Книга: Царь-девица
Назад: XV
Дальше: Часть третья

XVI

Страшное убийство Ивана Нарышкина было еще не последним; вслед за ним стрельцы схватили иностранца, медика Данилу Гадена, обвиненного ими в чернокнижии и отравлении царя Федора.
Этот несчастный Гаден еще пятнадцатого мая, при самом начале возмущения, оделся нищим и убежал из Немецкой слободы в Марьину рощу. Двое суток скитался он без пищи, но голод принудил его возвратиться в слободу. Стрельцы его узнали, схватили и притащили во дворец. Напрасно царевны и царица Марфа Матвеевна умоляли их отпустить доктора, уверяли, что он неповинен в смерти царя, что он на глазах их каждый раз пробовал лекарство – ничего не помогло! Стрельцы кричали, что Гаден чернокнижник и что у него дома нашли сушеных змей.
Его повели в тот же Константиновский застенок, где пытали Нарышкина. На орудиях пытки еще не засохла кровь несчастного Ивана Кирилловича.
«Авось хоть этот повинется!» – думали стрельцы, и на этот раз ожидания их оправдались. Немецкий доктор не обладал мужеством Нарышкина.
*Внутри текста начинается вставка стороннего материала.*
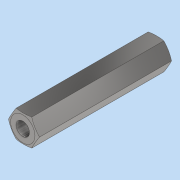
# Autodesk Inventor part: Hex Spacer 20mm
Saved by Autodesk Inventor 2021 (Build 250183000, 183)
## iProperties
Created: 2020-07-05
Part Number: Hex Spacer 20mm
Material: Generisch
Document SubType Name: Modeling
Designer: JochenAlt
Density: 1 g/cm^3
Appearance: Stahl - poliert
Author: JochenAlt
Autodesk Inventor part; units mm, degrees
ref_plane "YZ Plane" through (0, 0, 0) normal (1, 0, 0) x (0, 1, 0)
ref_plane "XZ Plane" through (0, 0, 0) normal (0, 1, 0) x (-1, 0, 0)
ref_plane "XY Plane" through (0, 0, 0) normal (0, 0, 1) x (1, 0, 0)
sketch "Skizze1" plane through (0, 0, 0) normal (0, 0, 1) x (1, 0, 0)
  line L0 (-3.2332, 0) -> (3.2332, 0) construction
  line L1 (0, -2.8) -> (0, 2.8) construction
  circle A0 centre (0, 0) radius 2 construction
  line L2 (1.1547, 2) -> (2.3094, 0)
  line L3 (2.3094, 0) -> (1.1547, -2)
  line L4 (1.1547, -2) -> (-1.1547, -2)
  line L5 (-1.1547, -2) -> (-2.3094, 0)
  line L6 (-2.3094, 0) -> (-1.1547, 2)
  line L7 (-1.1547, 2) -> (1.1547, 2)
  circle A1 centre (0, 0) radius 1
  point P0 (0, 2)
  dimension "d0" = 4
  dimension "d1" = 2
  constraints: 12 end point, 3 coincident, 1 centre point, 1 midpoint, 1 point on line, 1 vertical alignment, 15 other
  measures "d1" diameter of A1
extrude "Extrusion1" add sketch "Skizze1" along normal blind 20
sketch "Skizze2" plane through (0, 0, 0) normal (0, 1, 0) x (-1, 0, 0)
  line L0 (1.1547, 20) -> (-1.1547, 20) projected
  line L1 (-1.1547, 20) -> (-2.3094, 20) projected
  line L2 (2.3094, 20) -> (1.1547, 20) projected
  line L3 (2.3094, 0) -> (1.1547, 0) projected
  line L4 (1.1547, 0) -> (-1.1547, 0) projected
  line L5 (-1.1547, 0) -> (-2.3094, 0) projected
  line L6 (-1.8094, 20) -> (-3.6188, 20)
  line L7 (-3.6188, 20) -> (-3.6188, 19.3414)
  line L8 (-3.6188, 19.3414) -> (-1.8094, 20)
  line L9 (-1.8094, 0) -> (-3.6188, 0.6586)
  line L10 (-3.6188, 0.6586) -> (-3.6188, 0)
  line L11 (-3.6188, 0) -> (-1.8094, 0)
  line L12 (0, -2) -> (0, 12) projected
  point P0 (0, 0)
  dimension "d4" = 20
  dimension "d5" = 0.5
  constraints: 12 end point, 2 equal length, 2 perpendicular, 2 point on line, 1 collinear, 1 vertical
  measures "d4" angle of L6 L8
  measures "d5" distance of L6.start L1.end
revolve "Umdrehung1" cut sketch "Skizze2" angle 360 about axis through (0, 0, -10) along (0, 0, 1)

С первой же пытки он начал на себя наговаривать, признаваясь во всевозможных нелепостях, и наконец стал кричать, чтоб дали ему три дня сроку и он укажет всех, кто виноват еще больше его.
Но стрельцам некогда было ждать, они и так были довольны его признанием, вытащили его на Красную площадь и умертвили.
Данило Гаден был последней жертвой; стрельцы угомонились. Их руководители были довольны – страшное дело удалось вполне. Теперь оставалось довершить его достойным образом: приготовить себе полнейшее торжество. Но для этого уж не требовалось оружия, не требовалось крови…
Хованский и Милославский весь вечер семнадцатого мая провели в стрелецких слободах, а на следующий день войско в четвертый раз появилось перед дворцом, но уже без оружия.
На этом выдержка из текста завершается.